Is the RF classifier itself saving the training data in its structure? If so, how could I take the structure apart and only save the necessary parameters for later predictions? Sadly, I could not find anything on the subject of size yet.
Thanks for your help!
Baradrist
Here's what I did in a nutshell:
I trained the (fairly standard) RF on a large dataset and saved the trained forest afterwards, trying both pickle and joblib (also with the compress-option set to 3).
X_train, y_train = ... some data
classifier = RandomForestClassifier(n_estimators=24, max_depth=10)
classifier.fit(X_train, y_train)
pickle.dump(classifier, open(path+'classifier.pickle', 'wb'))
or
joblib.dump(classifier, path+'classifier.joblib', compress=True)

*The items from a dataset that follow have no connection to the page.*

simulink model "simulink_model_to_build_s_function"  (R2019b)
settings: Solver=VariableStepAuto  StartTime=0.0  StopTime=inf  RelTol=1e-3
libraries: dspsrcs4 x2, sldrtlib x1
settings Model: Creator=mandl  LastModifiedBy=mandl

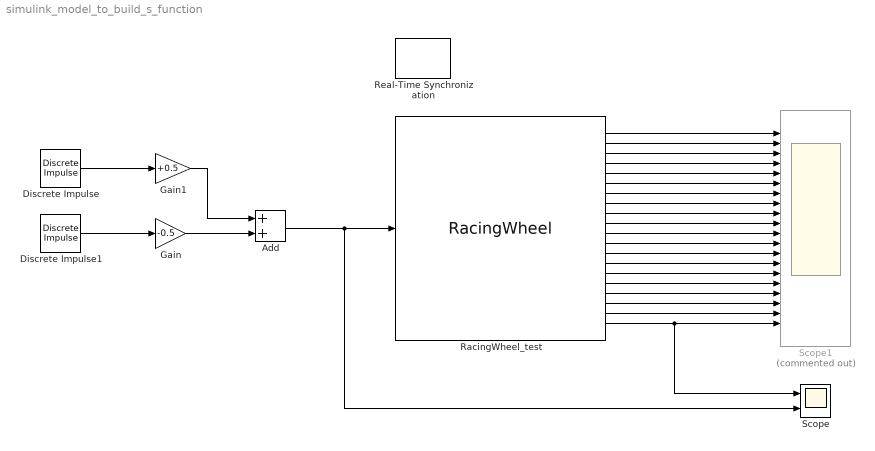
== system simulink_model_to_build_s_function ==
  Add : Sum
  Discrete Impulse : dspsrcs4/Discrete  Impulse  Delay=500  SampleTime=0.01  FrameSample=1  OutputFrames=off  dataType=double  isSigned=on  wordLen=16  udDataType=sfix(16)  fracBitsMode=Best precision  numFracBits=15  OutDataTypeStr=double  LastOutDataTypeStr=double
  Discrete Impulse1 : dspsrcs4/Discrete  Impulse  Delay=1000  SampleTime=0.01  FrameSample=1  OutputFrames=off  dataType=double  isSigned=on  wordLen=16  udDataType=sfix(16)  fracBitsMode=Best precision  numFracBits=15  OutDataTypeStr=double  LastOutDataTypeStr=double
  Gain : Gain  Gain=-0.5
  Gain1 : Gain  Gain=+0.5
  RacingWheel_test : S-Function  InitFcn=try, set_param(gcb,'FunctionName','RacingWheel'), end  FunctionName=RacingWheel  Parameters=0.01  SFunctionModules=RacingWheel_wrapper  SFunctionDeploymentMode=off  EnableBusSupport=off  mask(S-Function Builder){}
      mask help: Simulink:masks:SFunctionBuilder_MD
      mask init:
      | val = [[.9  0.75 0.75 1 1 .9 .9 1]',[1 1 0.75 0.75 .9 .9 1 .9]'];try , sys = get_param(gcb,'SfunBuilderFcnName');if isempty(sys), sys = get_param(gcb,'FunctionName'); end,catch, sys = get_param(gcb,'FunctionName'); end
      settings: CopyFcn=set_param(gcbh,'LinkStatus','none')  PreSaveFcn=try, set_param(gcb,'FunctionName','RacingWheel'), end  OpenFcn=sfunctionwizard(gcbh)
      mask Display: plot(val(:,1),val(:,2)),disp(sys), port_label('input',1,'FF_bias'), port_label('output',1,'gearup'), port_label('output',2,'geardown'), port_label('output',3,'ST'), port_label('output',4,'SE'), port_label('output',5,'X'), port_label('output',6,'O'), port_label('output',7,'Square'), port_label('output',8,'Triangle'), port_label('output',9,'L2'), port_label('output',10,'R2'), port_label('output',11,'L3'), port_label('output',12,'R3'), port_label('output',13,'DPadDown'), port_label('output',14,'DPadUp'), port_label('output',15,'DPadLeft'), port_label('output',16,'DPadRight'), port_label('output',17,'throttle'), port_label('output',18,'brake'), port_label('output',19,'clutch'), port_label('output',20,'angle')
  Real-Time Synchronization : sldrtlib/Real-Time Synchronization  SampleTime=0.01  MaxMissedTicks=inf  ShowMissedTicks=off  YieldWhenWaiting=on
  Scope : Scope  NumInputPorts=2
  Scope1 : Scope  Commented=on  NumInputPorts=20
  wires:
  RacingWheel_test/1 -> Scope1/1
  RacingWheel_test/2 -> Scope1/2
  RacingWheel_test/3 -> Scope1/3
  RacingWheel_test/4 -> Scope1/4
  RacingWheel_test/5 -> Scope1/5
  RacingWheel_test/6 -> Scope1/6
  RacingWheel_test/7 -> Scope1/7
  RacingWheel_test/8 -> Scope1/8
  RacingWheel_test/9 -> Scope1/9
  RacingWheel_test/10 -> Scope1/10
  RacingWheel_test/11 -> Scope1/11
  RacingWheel_test/12 -> Scope1/12
  RacingWheel_test/13 -> Scope1/13
  RacingWheel_test/14 -> Scope1/14
  RacingWheel_test/15 -> Scope1/15
  RacingWheel_test/16 -> Scope1/16
  RacingWheel_test/17 -> Scope1/17
  RacingWheel_test/18 -> Scope1/18
  RacingWheel_test/19 -> Scope1/19
  RacingWheel_test/20 -> Scope/1, Scope1/20
  Discrete Impulse/1 -> Gain1/1
  Discrete Impulse1/1 -> Gain/1
  Gain/1 -> Add/2
  Gain1/1 -> Add/1
  Add/1 -> Scope/2, RacingWheel_test/1
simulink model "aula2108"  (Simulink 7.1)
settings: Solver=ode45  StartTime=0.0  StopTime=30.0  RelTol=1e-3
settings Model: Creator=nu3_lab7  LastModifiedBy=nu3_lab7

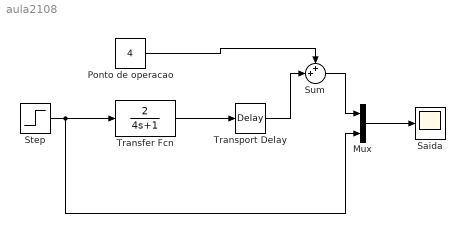
== system aula2108 ==
  Mux : Mux  Inputs=2
  Ponto de operacao : Constant  Value=4  OutDataType=sfix(16)  OutScaling=2^0
  Saida : Scope
  Step : Step  Time=0.1  After=3  SampleTime=0
  Sum : Sum  Inputs=++|  OutDataType=sfix(16)  OutScaling=2^0
  Transfer Fcn : TransferFcn  Numerator=[2]  Denominator=[4 1]
  Transport Delay : TransportDelay  DelayTime=3
  wires:
  Transport Delay/1 -> Sum/2
  Transfer Fcn/1 -> Transport Delay/1
  Ponto de operacao/1 -> Sum/1
  Step/1 -> Transfer Fcn/1, Mux/2
  Sum/1 -> Mux/1
  Mux/1 -> Saida/1
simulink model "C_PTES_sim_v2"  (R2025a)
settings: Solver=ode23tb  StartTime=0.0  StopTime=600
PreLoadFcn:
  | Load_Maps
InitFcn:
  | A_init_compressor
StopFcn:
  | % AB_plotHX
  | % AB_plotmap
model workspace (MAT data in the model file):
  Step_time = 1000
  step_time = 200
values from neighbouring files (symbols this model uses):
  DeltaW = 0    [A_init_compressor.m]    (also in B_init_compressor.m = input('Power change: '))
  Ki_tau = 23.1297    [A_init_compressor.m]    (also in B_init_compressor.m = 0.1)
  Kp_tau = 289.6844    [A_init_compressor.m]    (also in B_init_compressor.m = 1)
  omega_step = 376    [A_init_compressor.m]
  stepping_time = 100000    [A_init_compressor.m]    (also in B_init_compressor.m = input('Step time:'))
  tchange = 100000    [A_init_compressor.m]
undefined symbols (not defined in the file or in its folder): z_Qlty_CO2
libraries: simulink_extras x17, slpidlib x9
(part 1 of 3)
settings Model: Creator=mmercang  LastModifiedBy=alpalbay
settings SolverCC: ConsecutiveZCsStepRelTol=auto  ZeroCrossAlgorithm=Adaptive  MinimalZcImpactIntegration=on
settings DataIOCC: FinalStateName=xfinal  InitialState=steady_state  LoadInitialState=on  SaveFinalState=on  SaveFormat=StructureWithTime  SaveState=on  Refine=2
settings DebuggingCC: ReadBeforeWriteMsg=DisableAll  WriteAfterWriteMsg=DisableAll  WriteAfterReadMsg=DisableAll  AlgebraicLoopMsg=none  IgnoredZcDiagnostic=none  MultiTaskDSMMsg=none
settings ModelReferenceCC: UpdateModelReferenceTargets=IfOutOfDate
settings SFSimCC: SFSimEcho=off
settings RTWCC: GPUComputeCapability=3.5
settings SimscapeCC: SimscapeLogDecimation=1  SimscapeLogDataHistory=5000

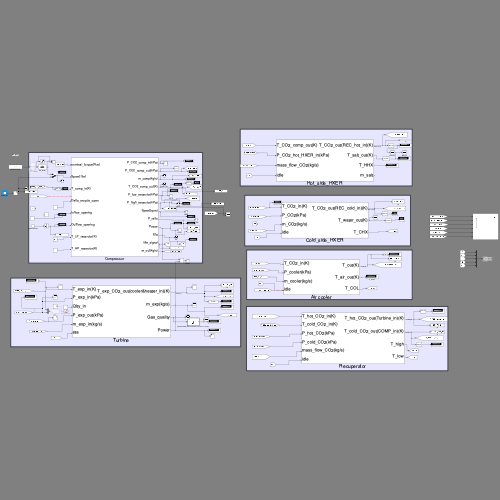
[thumbnail: Simulink's stored preview of the top-level diagram]
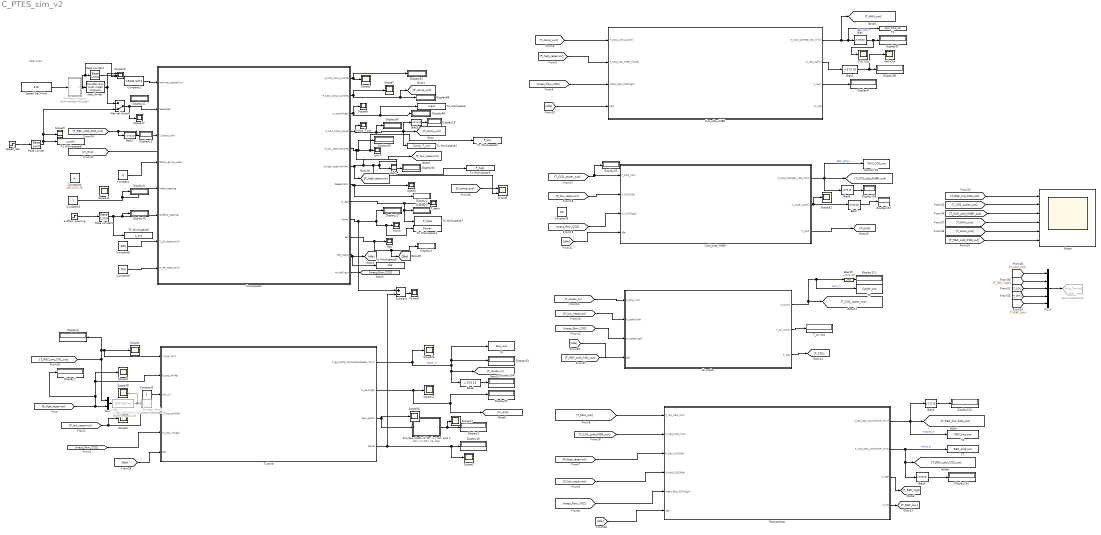
== system C_PTES_sim_v2 ==
  note: 368.2243
  Air cooler : Subsystem
  Bias{,1..8,15} (10 alike) : Bias  Bias=-273.15  SaturateOnIntegerOverflow=off
  CO2 Out : Scope
      settings: ActiveDisplayYMinimum=419.41887849810757  ActiveDisplayYMaximum=425.62012461132127  DataLoggingVariableName=ScopeData57
  Cold_side_HXER : Subsystem
  Comp T out : Scope
      settings: ActiveDisplayYMinimum=932.8388554275466  ActiveDisplayYMaximum=966.06264783948268  DataLoggingVariableName=ScopeData42
  Compressor : Subsystem
  Constant : Constant  Value=0
  Constant1 : Constant  Value=19102.6473
  Constant2 : Constant
  Constant3 : Constant
  Constant4 : Constant  Value=420+273.15
  Constant5 : Constant  Value=50
  Constant8 : Constant  Value=690
  Constant9 : Constant  Value=700
  Display{1..4,6..13,16,19..20,87..94,97..98,101..102,104,107..108,113} (31 alike) : Display
      Display12 settings: Format=bank
  Dryness check : MATLAB Function  Commented=on  TreatAsAtomicUnit=on
  "Dryness check (0 for \"x<=0\" and 1 for \"x>=1\" i.e. dry)" : MATLAB Function  TreatAsAtomicUnit=on
  Eta : Scope
      settings: ActiveDisplayYMinimum=0.8  ActiveDisplayYMaximum=1  DataLoggingVariableName=ScopeData44
  Goto17 : Goto  Commented=on  GotoTag=Avg_Temps
  High P : Scope
      settings: ActiveDisplayYMinimum=19499.01131682  ActiveDisplayYMaximum=19499.01131709  DataLoggingVariableName=ScopeData45
  Hot_side_HXER : Subsystem
  Low P : Scope
      settings: ActiveDisplayYMinimum=1661.4124691306079  ActiveDisplayYMaximum=8047.2877774228209  DataLoggingVariableName=ScopeData46
  Manual Switch : ManualSwitch  CurrentSetting=0
  Mux : Mux  Inputs=2
  Mux1 : Mux  Inputs=5
  P_ratio : Scope
      settings: ActiveDisplayYMinimum=2.5704663897454543  ActiveDisplayYMaximum=2.6288728670169967  DataLoggingVariableName=ScopeData47
  Power : Scope
      settings: ActiveDisplayYMinimum=9622.94144984568  ActiveDisplayYMaximum=9622.9443761527218  DataLoggingVariableName=ScopeData48
  Power1 : Scope
      settings: ActiveDisplayYMinimum=-764.83256469030607  ActiveDisplayYMaximum=6887.6317450574907  DataLoggingVariableName=ScopeData84
  Qlty : MATLABFcn  Commented=on  MATLABFcn=z_Qlty_CO2(u(1),u(2))
  Rate Limiter : RateLimiter
  Rate Limiter1 : RateLimiter  RisingSlewLimit=4  FallingSlewLimit=-4  InitialCondition=376  LinearizeAsGain=off
  Rate Limiter2 : RateLimiter  FallingSlewLimit=-0.01
  Recuperator : Subsystem
  Salt Out : Scope
      settings: ActiveDisplayYMinimum=549.32679199371159  ActiveDisplayYMaximum=549.32679200120469  DataLoggingVariableName=ScopeData58
  Scope : Scope  NumInputPorts=6
      settings: ActiveDisplayYMinimum=408.50778721774293  ActiveDisplayYMaximum=410.82110455322322
  Scope{1..5,7..9,11,17,22..23,26..28,51} (16 alike) : Scope
      Scope1 settings: ActiveDisplayYMinimum=354.53484488928774  ActiveDisplayYMaximum=416.54773222280147
      Scope11 settings: ActiveDisplayYMinimum=0.043750000000000011  ActiveDisplayYMaximum=1.10625  DataLoggingVariableName=ScopeData15
      Scope17 settings: ActiveDisplayYMinimum=346.2691444179722  ActiveDisplayYMaximum=643.57770023825037  DataLoggingVariableName=ScopeData49
      Scope2 settings: ActiveDisplayYMinimum=3609.0647035085312  ActiveDisplayYMaximum=3633.4611371786241
      Scope22 settings: ActiveDisplayYMinimum=53.375645074893505  ActiveDisplayYMaximum=53.375742212262359  DataLoggingVariableName=ScopeData5
      Scope23 settings: ActiveDisplayYMinimum=249.61773578013822  ActiveDisplayYMaximum=330.2583181291364  DataLoggingVariableName=ScopeData6
      Scope26 settings: ActiveDisplayYMinimum=-1  ActiveDisplayYMaximum=1
      Scope27 settings: ActiveDisplayYMinimum=-1  ActiveDisplayYMaximum=1  DataLoggingVariableName=ScopeData2
      Scope28 settings: ActiveDisplayYMinimum=-1  ActiveDisplayYMaximum=1  DataLoggingVariableName=ScopeData3
      Scope3 settings: ActiveDisplayYMinimum=6922.0923934778948  ActiveDisplayYMaximum=12119.561569977996  DataLoggingVariableName=ScopeData50
      Scope4 settings: ActiveDisplayYMinimum=19499.011316899083  ActiveDisplayYMaximum=19499.011316899174  DataLoggingVariableName=ScopeData5
      Scope5 settings: ActiveDisplayYMinimum=7403.99999999722  ActiveDisplayYMaximum=7404.0000000235223  DataLoggingVariableName=ScopeData6
      Scope51 settings: ActiveDisplayYMinimum=252.25553854956786  ActiveDisplayYMaximum=331.783751710615  DataLoggingVariableName=ScopeData2
      Scope7 settings: ActiveDisplayYMinimum=-9616.8305551512967  ActiveDisplayYMaximum=198282.22438144876  DataLoggingVariableName=ScopeData52
      Scope8 settings: ActiveDisplayYMinimum=53.375694282294106  ActiveDisplayYMaximum=53.37575539188817  DataLoggingVariableName=ScopeData53
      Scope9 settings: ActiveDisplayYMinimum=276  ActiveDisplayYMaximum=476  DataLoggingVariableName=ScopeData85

Since the saved files got quite big (5GB to nearly 20GB, compressed aprox. 1/3 of this - and I will need >50 such forests!) and the training takes a while, I experimented with different subsets of the training data. Depending on the size of the train set, I found different sizes for the saved classifier, making me believe that information about the training is pickled/joblibed as well. This seems unintuitive to me, as for predictions, I only need the information of all the trained weak predictors (decision trees) which should be steady and since the number of trees and the max depth is not too high, they should also not take up that much space. And certainly not more due to a larger training set.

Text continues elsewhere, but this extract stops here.